*** Opening of RECORDS PROVIDED ***

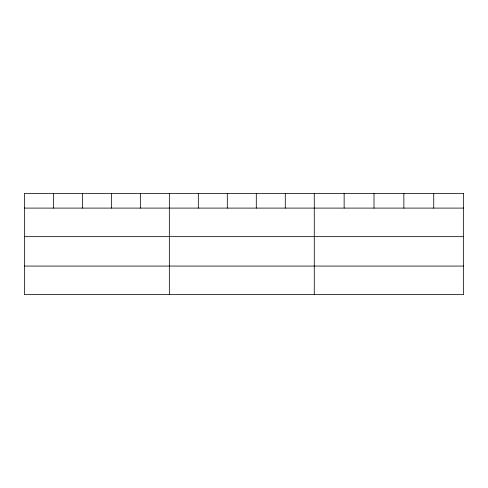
<?xml version="1.0" encoding="UTF-8"?>
<svg xmlns="http://www.w3.org/2000/svg" width="488" height="488" viewBox="0 0 488 488"><rect width="100%" height="100%" fill="white"/><g stroke="black" fill="none" stroke-linecap="round" stroke-linejoin="round"><path stroke-width="0.73" d="M24.4 208.101L463.6 208.101M24.4 236.649L463.6 236.649M24.4 266.064L463.6 266.064M433.734 193.388L433.734 208.101M403.869 193.388L403.869 208.101M374.003 193.388L374.003 208.101M344.138 193.388L344.138 208.101M314.272 193.388L314.272 294.612M285.285 193.388L285.285 208.101M256.298 193.388L256.298 208.101M227.31 193.388L227.31 208.101M198.323 193.388L198.323 208.101M169.336 193.388L169.336 294.612M140.349 193.388L140.349 208.101M111.362 193.388L111.362 208.101M82.374 193.388L82.374 208.101M53.387 193.388L53.387 208.101M463.6 193.388L24.4 193.388L24.4 294.612L463.6 294.612L463.6 193.388"/></g></svg>
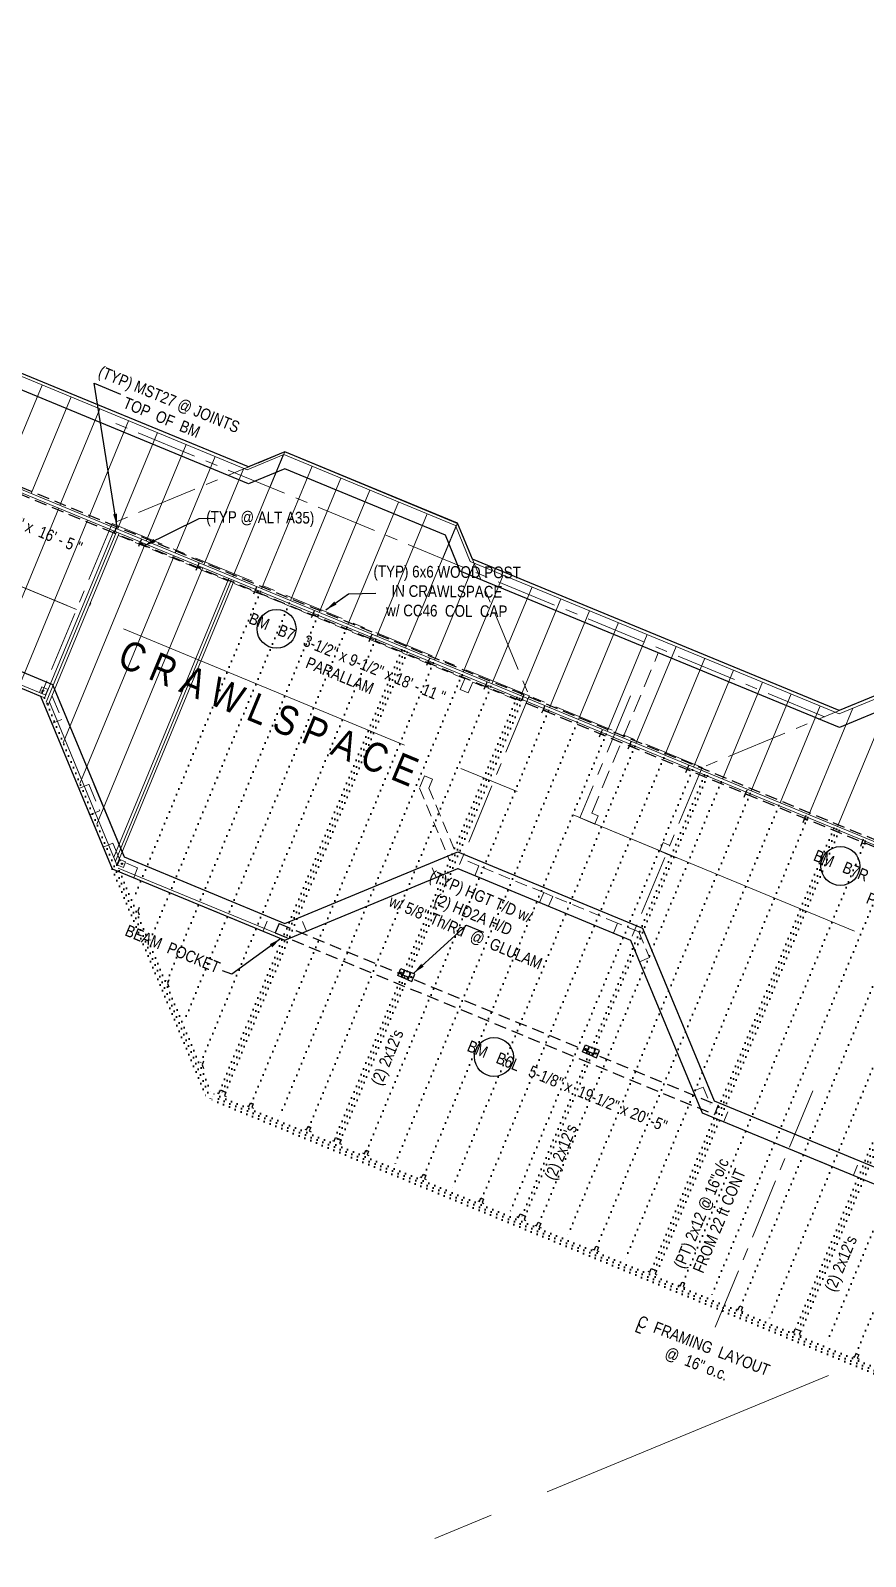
# Model space of a CAD drawing. Header units: inches. Extents: x 2775 to 35778, y 1675 to 10350.
# Drawn here: x 12677 to 13106, y 3447 to 4231 of the extents above; entities that cross this region are included whole.
import ezdxf

# ---------------------------------------------------------------- set-up
doc = ezdxf.new("R2010")
doc.units = ezdxf.units.IN
doc.header["$LTSCALE"] = 0.5
doc.header["$MEASUREMENT"] = 0
for name, pattern in [('CENTER', [2, 1.25, -0.25, 0.25, -0.25]), ('DOT2', [0.125, 0, -0.125]), ('HIDDEN', [0.375, 0.25, -0.125])]:
    doc.linetypes.add(name, pattern=pattern)
for name, color, linetype, lineweight in [('BEAMS TEXT', 3, 'CONTINUOUS', 20), ('FL JOISTS', 7, 'CONTINUOUS', 20), ('FLOOR BEAMS', 3, 'HIDDEN', 30), ('FOUNDATION', 7, 'CONTINUOUS', 30), ('FOUNDATION TEXT', 7, 'CONTINUOUS', 9), ('GRID', 1, 'CENTER', 20), ('INT WALLS', 4, 'HIDDEN', 9), ('LAYOUT', 6, 'CONTINUOUS', 9), ('PT LUMBER', 7, 'DOT2', 40), ('WALL FRAMING DETAIL', 7, 'CONTINUOUS', 20), ('WALLS', 4, 'HIDDEN', 9)]:
    doc.layers.add(name, color=color, linetype=linetype, lineweight=lineweight)
doc.layers.add('FL FRAMING STEEL', color=7, linetype='CONTINUOUS')
doc.layers.add('LLTEXT', color=7, linetype='CONTINUOUS')
doc.styles.add('ARCHENT', font='technical.ttf', dxfattribs={"height": 6})
doc.styles.add('ARCHENTLTD', font='technical.ttf', dxfattribs={"height": 6})
doc.dimstyles.new('ARCHENT', dxfattribs={"dimtxt": 6, "dimasz": 6, "dimexe": 9, "dimexo": 3, "dimgap": 1, "dimtad": 0, "dimtoh": 1, "dimdec": 3, "dimzin": 0, "dimdsep": 46, "dimlunit": 4, "dimtxsty": 'ARCHENTLTD', "dimcen": 6, "dimaunit": 1, "dimadec": 0, "dimazin": 0, "dimtfac": 1, "dimtdec": 3, "dimtofl": 0, "dimtmove": 0, "dimatfit": 3, "dimfxl": 1, "dimfrac": 2, "dimtolj": 1, "dimtzin": 0, "dimarcsym": 0})

msp = doc.modelspace()

# ---------------------------------------------------------------- linework, layer by layer
at = {"layer": 'BEAMS TEXT', "linetype": 'Continuous', "lineweight": 30, "ltscale": 75}
for centre in [(12803.2642, 3923.3818), (13092.6731, 3801.5198), (12914.8745, 3703.4459)]:
    msp.add_circle(centre, 10, dxfattribs=at)
at = {"layer": 'FL FRAMING STEEL', "color": 7, "lineweight": 30, "ltscale": 50}
for p, q in [((12733.0921, 3967.5202), (12732.3221, 3965.6744)), ((12733.8622, 3969.366), (12733.0921, 3967.5202)), ((12734.938, 3966.7502), (12733.0921, 3967.5202)), ((12762.6595, 3955.2821), (12761.8895, 3953.4363)), ((12763.4295, 3957.1279), (12762.6595, 3955.2821)), ((12764.5054, 3954.5121), (12762.6595, 3955.2821)), ((12792.9969, 3944.8898), (12792.2269, 3943.044)), ((12792.2269, 3943.044), (12791.4569, 3941.1982)), ((12794.0727, 3942.274), (12792.2269, 3943.044)), ((12821.7943, 3930.8059), (12821.0243, 3928.9601)), ((12822.5643, 3932.6517), (12821.7943, 3930.8059)), ((12823.6401, 3930.0359), (12821.7943, 3930.8059)), ((12852.1317, 3920.4136), (12851.3617, 3918.5678)), ((12851.3617, 3918.5678), (12850.5917, 3916.722)), ((12853.2075, 3917.7978), (12851.3617, 3918.5678)), ((12880.9288, 3906.3292), (12880.1588, 3904.4834)), ((12881.6989, 3908.175), (12880.9288, 3906.3292)), ((12882.7747, 3905.5592), (12880.9288, 3906.3292)), ((12910.4964, 3894.0916), (12909.7264, 3892.2458)), ((12911.2665, 3895.9374), (12910.4964, 3894.0916)), ((12912.3423, 3893.3216), (12910.4964, 3894.0916)), ((12940.0638, 3881.8535), (12939.2938, 3880.0077)), ((12940.8338, 3883.6993), (12940.0638, 3881.8535)), ((12941.9097, 3881.0835), (12940.0638, 3881.8535)), ((12969.6117, 3869.5682), (12968.8417, 3867.7224)), ((12970.3817, 3871.414), (12969.6117, 3869.5682)), ((12971.4576, 3868.7982), (12969.6117, 3869.5682)), ((12985.1719, 3865.3107), (12984.4019, 3863.4649)), ((12984.4019, 3863.4649), (12983.6319, 3861.6191)), ((12986.2477, 3862.6949), (12984.4019, 3863.4649)), ((13013.9823, 3851.2583), (13013.2123, 3849.4124)), ((13014.7523, 3853.1041), (13013.9823, 3851.2583)), ((13015.8281, 3850.4883), (13013.9823, 3851.2583)), ((13043.8906, 3838.5838), (13043.1206, 3836.7379)), ((13044.6606, 3840.4296), (13043.8906, 3838.5838)), ((13045.7365, 3837.8138), (13043.8906, 3838.5838)), ((13074.1486, 3825.64), (13073.3832, 3823.7922)), ((13074.9139, 3827.4878), (13074.1486, 3825.64)), ((13075.9963, 3824.8746), (13074.1486, 3825.64)), ((13103.716, 3813.4021), (13102.9507, 3811.5544)), ((13104.4814, 3815.2499), (13103.716, 3813.4021)), ((13105.5638, 3812.6368), (13103.716, 3813.4021)), ((12732.7331, 3780.2134), (12731.9678, 3778.3656)), ((12731.9678, 3778.3656), (12732.7331, 3776.5178)), ((12747.9741, 3743.1072), (12747.2088, 3741.2595)), ((12747.2088, 3741.2595), (12747.9741, 3739.4117)), ((12765.8189, 3701.2148), (12765.0536, 3699.367)), ((12765.0536, 3699.367), (12765.8189, 3697.5193))]:
    msp.add_line(p, q, dxfattribs=at)
at = {"layer": 'FL FRAMING STEEL', "color": 5, "linetype": 'Continuous', "ltscale": 0.5}
for p, q in [((12865.5117, 3745.2353), (12867.0425, 3748.9309)), ((12867.0425, 3748.9309), (12869.0057, 3748.1176)), ((12867.475, 3744.4221), (12869.0057, 3748.1176)), ((12869.0057, 3748.1176), (12872.2393, 3746.7783)), ((12867.475, 3744.4221), (12865.5117, 3745.2353)), ((12870.7086, 3743.0827), (12867.475, 3744.4221)), ((12872.2393, 3746.7783), (12870.7086, 3743.0827)), ((12870.7086, 3743.0827), (12872.6718, 3742.2695)), ((12874.2025, 3745.9651), (12872.2393, 3746.7783)), ((12872.6718, 3742.2695), (12874.2025, 3745.9651)), ((12960.303, 3706.0007), (12961.8337, 3709.6962)), ((12961.8337, 3709.6962), (12963.797, 3708.883)), ((12962.2663, 3705.1875), (12963.797, 3708.883)), ((12963.797, 3708.883), (12967.0306, 3707.5436)), ((12962.2663, 3705.1875), (12960.303, 3706.0007)), ((12965.4998, 3703.8481), (12962.2663, 3705.1875)), ((12967.0306, 3707.5436), (12965.4998, 3703.8481)), ((12965.4998, 3703.8481), (12967.4631, 3703.0349)), ((12968.9938, 3706.7304), (12967.0306, 3707.5436)), ((12967.4631, 3703.0349), (12968.9938, 3706.7304))]:
    msp.add_line(p, q, dxfattribs=at)
at = {"layer": 'FL FRAMING STEEL', "color": 5, "linetype": 'HIDDEN', "ltscale": 0.125}
for p, q in [((12867.706, 3744.3265), (12869.2367, 3748.022)), ((12872.0083, 3746.8739), (12870.4776, 3743.1784)), ((12962.4972, 3705.0918), (12964.028, 3708.7874)), ((12966.7996, 3707.6393), (12965.2689, 3703.9438))]:
    msp.add_line(p, q, dxfattribs=at)
at = {"layer": 'FL FRAMING STEEL', "color": 7, "linetype": 'Continuous', "lineweight": 30, "ltscale": 0.5}
for p, q in [((12772.7702, 3685.052), (12773.6934, 3684.6677)), ((12773.6934, 3684.6677), (12774.457, 3686.5162)), ((12774.457, 3686.5162), (12777.2297, 3685.3709)), ((12777.2297, 3685.3709), (12776.4662, 3683.5224)), ((12776.4662, 3683.5224), (12777.3904, 3683.1406)), ((12788.1787, 3678.3982), (12789.1029, 3678.0164)), ((12789.1029, 3678.0164), (12789.8665, 3679.8649)), ((12789.8665, 3679.8649), (12791.2529, 3679.2922)), ((12791.2529, 3679.2922), (12790.4893, 3677.4437)), ((12790.4893, 3677.4437), (12791.4136, 3677.062)), ((12817.7089, 3666.3997), (12818.6332, 3666.0179)), ((12818.6332, 3666.0179), (12819.3968, 3667.8664)), ((12819.3968, 3667.8664), (12820.7831, 3667.2937)), ((12820.7831, 3667.2937), (12820.0196, 3665.4452)), ((12820.0196, 3665.4452), (12820.9438, 3665.0634)), ((12832.8303, 3660.1967), (12833.5939, 3662.0452)), ((12833.5939, 3662.0452), (12836.3667, 3660.8999)), ((12836.3667, 3660.8999), (12835.6031, 3659.0514)), ((12831.9071, 3660.581), (12832.8303, 3660.1967)), ((12835.6031, 3659.0514), (12836.5273, 3658.6696)), ((12847.4012, 3654.1347), (12848.3255, 3653.7529)), ((12848.3255, 3653.7529), (12849.089, 3655.6014)), ((12849.089, 3655.6014), (12850.4754, 3655.0288)), ((12850.4754, 3655.0288), (12849.7118, 3653.1802)), ((12849.7118, 3653.1802), (12850.6361, 3652.7985)), ((12876.8079, 3641.8366), (12877.7321, 3641.4548)), ((12877.7321, 3641.4548), (12878.4957, 3643.3033)), ((12878.4957, 3643.3033), (12879.8821, 3642.7307)), ((12879.8821, 3642.7307), (12879.1185, 3640.8822)), ((12879.1185, 3640.8822), (12880.0428, 3640.5004)), ((12906.5001, 3629.5717), (12907.4244, 3629.1899)), ((12907.4244, 3629.1899), (12908.188, 3631.0384)), ((12908.188, 3631.0384), (12909.5743, 3630.4657)), ((12909.5743, 3630.4657), (12908.8108, 3628.6172)), ((12908.8108, 3628.6172), (12909.735, 3628.2354)), ((12927.5418, 3621.0239), (12928.3053, 3622.8724)), ((12928.3053, 3622.8724), (12931.0781, 3621.7271)), ((12931.0781, 3621.7271), (12930.3145, 3619.8786)), ((12926.6186, 3621.4082), (12927.5418, 3621.0239)), ((12930.3145, 3619.8786), (12931.2388, 3619.4968)), ((12935.8116, 3617.0463), (12936.7358, 3616.6645)), ((12936.7358, 3616.6645), (12937.4994, 3618.513)), ((12937.4994, 3618.513), (12938.8858, 3617.9403)), ((12938.8858, 3617.9403), (12938.1222, 3616.0918)), ((12938.1222, 3616.0918), (12939.0465, 3615.71)), ((12966.4281, 3604.3995), (12967.1917, 3606.248)), ((12967.1917, 3606.248), (12968.578, 3605.6754)), ((12965.5038, 3604.7813), (12966.4281, 3604.3995)), ((12968.578, 3605.6754), (12967.8145, 3603.8268)), ((12967.8145, 3603.8268), (12968.7387, 3603.4451)), ((12993.8801, 3593.3642), (12994.8033, 3592.9799)), ((12994.8033, 3592.9799), (12995.5669, 3594.8284)), ((12995.5669, 3594.8284), (12998.3396, 3593.6831)), ((12998.3396, 3593.6831), (12997.5761, 3591.8346)), ((12997.5761, 3591.8346), (12998.5003, 3591.4528)), ((13009.6815, 3586.3341), (13010.6058, 3585.9524)), ((13010.6058, 3585.9524), (13011.3693, 3587.8009)), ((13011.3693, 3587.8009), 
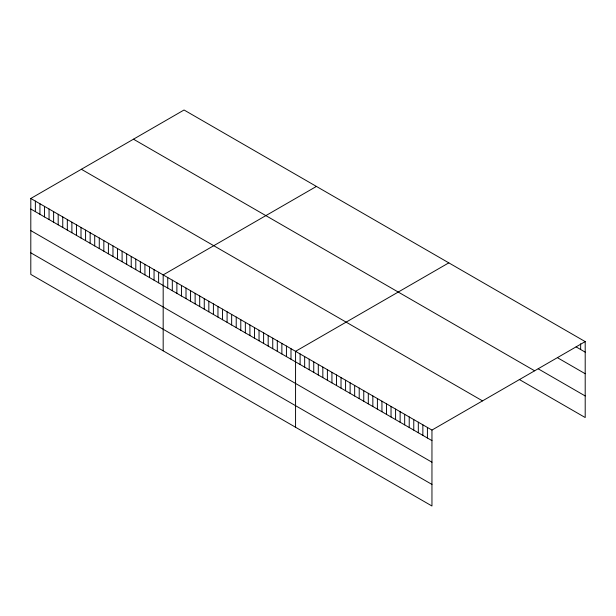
<?xml version="1.0" encoding="UTF-8"?>
<svg xmlns="http://www.w3.org/2000/svg" width="616" height="616" viewBox="0 0 616 616"><rect width="100%" height="100%" fill="white"/><g stroke="black" fill="none" stroke-linecap="round" stroke-linejoin="round"><path stroke-width="0.92" d="M30.8 198.468L431.955 430.076L431.955 506.005L30.8 274.397L30.8 198.468L184.045 109.995L585.2 341.603L585.2 417.533L519.28 379.471M316.424 186.425L163.178 274.898L163.178 350.827M448.81 262.855L295.565 351.328L295.565 427.258M431.955 430.076L585.2 341.603M576.106 346.9L585.2 352.144M557.919 357.973L585.2 373.727M538.222 368.83L585.2 395.957M133.472 139.193L534.626 370.793M81.374 169.277L482.528 400.877M30.8 209.017L431.955 440.625M30.8 230.592L431.955 462.2M30.8 252.822L431.955 484.43M580.657 343.767L580.657 349.526M427.412 427.45L427.412 437.999M422.861 424.824L422.861 435.373M418.318 422.199L418.318 432.748M413.767 419.573L413.767 430.122M409.224 416.947L409.224 427.496M404.673 414.329L404.673 424.871M400.13 411.704L400.13 422.245M395.58 409.078L395.58 419.627M391.037 406.452L391.037 417.001M386.494 403.827L386.494 414.375M381.943 401.201L381.943 411.75M377.4 398.575L377.4 409.124M372.849 395.949L372.849 406.498M368.306 393.324L368.306 403.873M363.756 390.698L363.756 401.247M359.213 388.08L359.213 398.621M354.662 385.454L354.662 396.003M350.119 382.829L350.119 393.378M345.576 380.203L345.576 390.752M341.025 377.577L341.025 388.126M336.482 374.952L336.482 385.5M331.932 372.326L331.932 382.875M327.389 369.7L327.389 380.249M322.838 367.074L322.838 377.623M318.295 364.456L318.295 374.998M313.744 361.831L313.744 372.38M309.201 359.205L309.201 369.754M304.658 356.579L304.658 367.128M300.108 353.954L300.108 364.503M290.998 348.695L290.998 359.244M286.432 346.061L286.432 356.602M281.866 343.42L281.866 353.969M277.3 340.787L277.3 351.336M272.742 338.153L272.742 348.702M268.176 335.52L268.176 346.061M263.61 332.879L263.61 343.428M259.043 330.245L259.043 340.794M254.477 327.612L254.477 338.161M249.911 324.971L249.911 335.52M245.345 322.337L245.345 332.886M240.787 319.704L240.787 330.253M236.221 317.071L236.221 327.612M231.655 314.43L231.655 324.978M227.088 311.796L227.088 322.345M222.522 309.163L222.522 319.712M217.956 306.529L217.956 317.071M213.398 303.888L213.398 314.437M208.832 301.255L208.832 311.804M204.266 298.621L204.266 309.17M199.7 295.98L199.7 306.529M195.133 293.347L195.133 303.896M190.567 290.714L190.567 301.262M186.009 288.08L186.009 298.621M181.443 285.439L181.443 295.988M176.877 282.806L176.877 293.355M172.311 280.172L172.311 290.721M167.744 277.539L167.744 288.08M158.62 272.264L158.62 282.813M154.054 269.631L154.054 280.18M149.488 266.99L149.488 277.539M144.922 264.356L144.922 274.905M140.356 261.723L140.356 272.272M135.79 259.09L135.79 269.631M131.223 256.449L131.223 266.998M126.665 253.815L126.665 264.364M122.099 251.182L122.099 261.731M117.533 248.548L117.533 259.09M112.967 245.907L112.967 256.456M108.401 243.274L108.401 253.823M103.834 240.64L103.834 251.189M99.276 237.999L99.276 248.548M94.71 235.366L94.71 245.915M90.144 232.733L90.144 243.281M85.578 230.099L85.578 240.64M81.012 227.458L81.012 238.007M76.446 224.825L76.446 235.374M71.887 222.191L71.887 232.74M67.321 219.55L67.321 230.099M62.755 216.917L62.755 227.466M58.189 214.283L58.189 224.832M53.623 211.65L53.623 222.199M49.057 209.009L49.057 219.558M44.498 206.375L44.498 216.924M39.932 203.742L39.932 214.291M35.366 201.109L35.366 211.65"/></g></svg>

*** Close of RECORDS PROVIDED ***

### PROBLEM REQUIREMENTS
Look through the entries above; copy every line holding the string "ARCHENTLTD".

### OUTPUT OF THE TASK
doc.styles.add('ARCHENTLTD', font='technical.ttf', dxfattribs={"height": 6})
doc.dimstyles.new('ARCHENT', dxfattribs={"dimtxt": 6, "dimasz": 6, "dimexe": 9, "dimexo": 3, "dimgap": 1, "dimtad": 0, "dimtoh": 1, "dimdec": 3, "dimzin": 0, "dimdsep": 46, "dimlunit": 4, "dimtxsty": 'ARCHENTLTD', "dimcen": 6, "dimaunit": 1, "dimadec": 0, "dimazin": 0, "dimtfac": 1, "dimtdec": 3, "dimtofl": 0, "dimtmove": 0, "dimatfit": 3, "dimfxl": 1, "dimfrac": 2, "dimtolj": 1, "dimtzin": 0, "dimarcsym": 0})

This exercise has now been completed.